The integration of acquisitions presents risks that differ from the risks associated with our ongoing operations. Integration activities are complicated and time consuming. We may not be able to effectively assimilate services, technologies, key personnel or businesses of acquired companies into our business or service offerings, as anticipated, alliances may not be successful, and we may not achieve related revenue growth or cost savings. We also face the risk of being unable to retain, or cross-sell our products or services to, the clients of acquired companies. Acquisitions of investment servicing businesses entail information technology systems conversions, which involve operational risks and may result in client dissatisfaction and defection. Clients of asset servicing businesses that we have acquired may be competitors of our non-custody businesses. The loss of some of these clients or a significant reduction in revenues generated from them, for competitive or other reasons, could adversely affect the benefits that we expect to achieve from these acquisitions. With any acquisition, the integration of the operations and resources of the businesses could result in the loss of key employees, the disruption of our and the acquired company’s ongoing businesses, or inconsistencies in standards, controls, procedures and policies that could adversely affect our ability to maintain relationships with clients and employees or to achieve the anticipated benefits of the acquisition. Integration efforts may also divert management attention and resources.

Development of new products and services may impose additional costs on us and may expose us to increased operational risk.

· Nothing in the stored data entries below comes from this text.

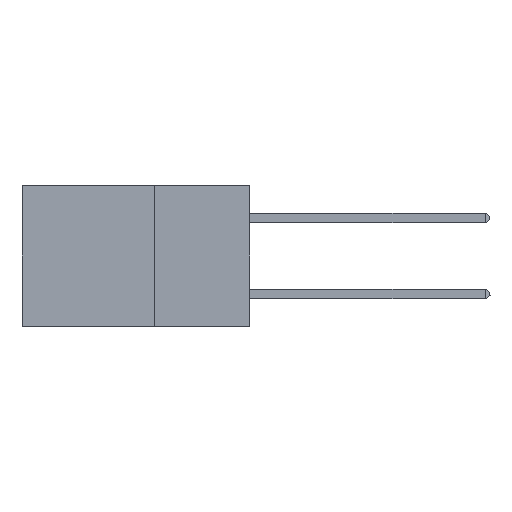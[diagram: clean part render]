
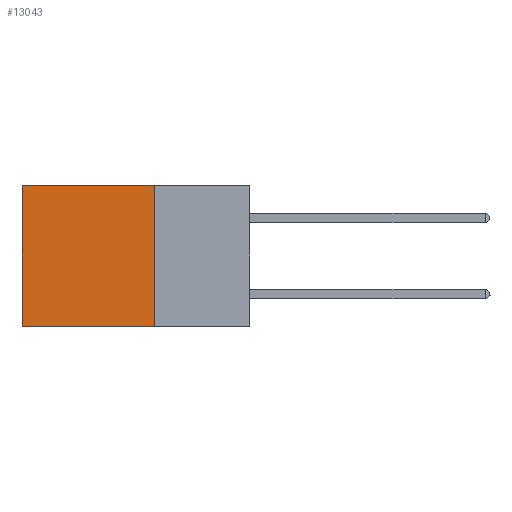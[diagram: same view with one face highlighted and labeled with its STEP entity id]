
A CAD part, left-side view. The second image highlights one B-rep face of the part: STEP entity #13043.
In plain terms, the highlighted planar face has unit normal (-1, 0, 0).
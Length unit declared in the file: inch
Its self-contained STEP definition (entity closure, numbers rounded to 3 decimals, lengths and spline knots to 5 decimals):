
#404 = EDGE_CURVE ( 'NONE', #1079, #13380, #8680, .T. ) ;
#552 = CARTESIAN_POINT ( 'NONE',  ( 0.2875, 0.25, 0. ) ) ;
#1079 = VERTEX_POINT ( 'NONE', #3799 ) ;
#1553 = DIRECTION ( 'NONE',  ( 0., 0., -1. ) ) ;
#1979 = CARTESIAN_POINT ( 'NONE',  ( 0.2875, 0.25, 0. ) ) ;
#3282 = CARTESIAN_POINT ( 'NONE',  ( 0.2875, 0.25, 0. ) ) ;
#3799 = CARTESIAN_POINT ( 'NONE',  ( 0.2875, 0.6, 0. ) ) ;
#4914 = VECTOR ( 'NONE', #16581, 39.37008 ) ;
#5397 = EDGE_CURVE ( 'NONE', #20719, #1079, #20842, .T. ) ;
#5687 = FACE_OUTER_BOUND ( 'NONE', #25935, .T. ) ;
#7573 = CARTESIAN_POINT ( 'NONE',  ( 0.2875, 0.25, -0.37 ) ) ;
#7584 = DIRECTION ( 'NONE',  ( 0., 1., 0. ) ) ;
#8680 = LINE ( 'NONE', #14124, #18791 ) ;
#12826 = PLANE ( 'NONE',  #16481 ) ;
#13043 = ADVANCED_FACE ( 'NONE', ( #5687 ), #12826, .F. ) ;
#13380 = VERTEX_POINT ( 'NONE', #20172 ) ;
#13926 = LINE ( 'NONE', #26783, #20779 ) ;
#14124 = CARTESIAN_POINT ( 'NONE',  ( 0.2875, 0.6, 0. ) ) ;
#15698 = CARTESIAN_POINT ( 'NONE',  ( 0.2875, 0.25, 0. ) ) ;
#16481 = AXIS2_PLACEMENT_3D ( 'NONE', #552, #23450, #19060 ) ;
#16581 = DIRECTION ( 'NONE',  ( 0., 0., -1. ) ) ;
#18791 = VECTOR ( 'NONE', #1553, 39.37008 ) ;
#19060 = DIRECTION ( 'NONE',  ( 0., 0., -1. ) ) ;
#19691 = VERTEX_POINT ( 'NONE', #7573 ) ;
#19976 = ORIENTED_EDGE ( 'NONE', *, *, #25701, .F. ) ;
#20172 = CARTESIAN_POINT ( 'NONE',  ( 0.2875, 0.6, -0.37 ) ) ;
#20719 = VERTEX_POINT ( 'NONE', #3282 ) ;
#20779 = VECTOR ( 'NONE', #22516, 39.37008 ) ;
#20842 = LINE ( 'NONE', #15698, #26083 ) ;
#21374 = ORIENTED_EDGE ( 'NONE', *, *, #5397, .T. ) ;
#22516 = DIRECTION ( 'NONE',  ( 0., 1., 0. ) ) ;
#22952 = EDGE_CURVE ( 'NONE', #20719, #19691, #25492, .T. ) ;
#23450 = DIRECTION ( 'NONE',  ( 1., 0., 0. ) ) ;
#23801 = ORIENTED_EDGE ( 'NONE', *, *, #404, .T. ) ;
#25492 = LINE ( 'NONE', #1979, #4914 ) ;
#25701 = EDGE_CURVE ( 'NONE', #19691, #13380, #13926, .T. ) ;
#25935 = EDGE_LOOP ( 'NONE', ( #23801, #19976, #26610, #21374 ) ) ;
#26083 = VECTOR ( 'NONE', #7584, 39.37008 ) ;
#26610 = ORIENTED_EDGE ( 'NONE', *, *, #22952, .F. ) ;
#26783 = CARTESIAN_POINT ( 'NONE',  ( 0.2875, 0.25, -0.37 ) ) ;

Our financial performance depends, in part, on our ability to develop and market new and innovative services and to adopt or develop new technologies that differentiate our products or provide cost efficiencies, while avoiding increased related expenses. The introduction of new products and services can entail significant time and resources. Substantial risks and uncertainties are associated with the introduction of new products and services, including


technical and control requirements that may need to be developed and implemented, rapid technological change in the industry, our ability to access technical and other information from our clients and the significant and ongoing investments required to bring new products and services to market in a timely manner at competitive prices. Regulatory and internal control requirements, capital requirements, competitive alternatives and shifting market preferences may also determine if such initiatives can be brought to market in a manner that is timely and attractive to our clients. Failure to manage successfully these risks in the development and implementation of new products or services could have a material adverse effect on our business and reputation, as well as on our consolidated results of operations and financial condition.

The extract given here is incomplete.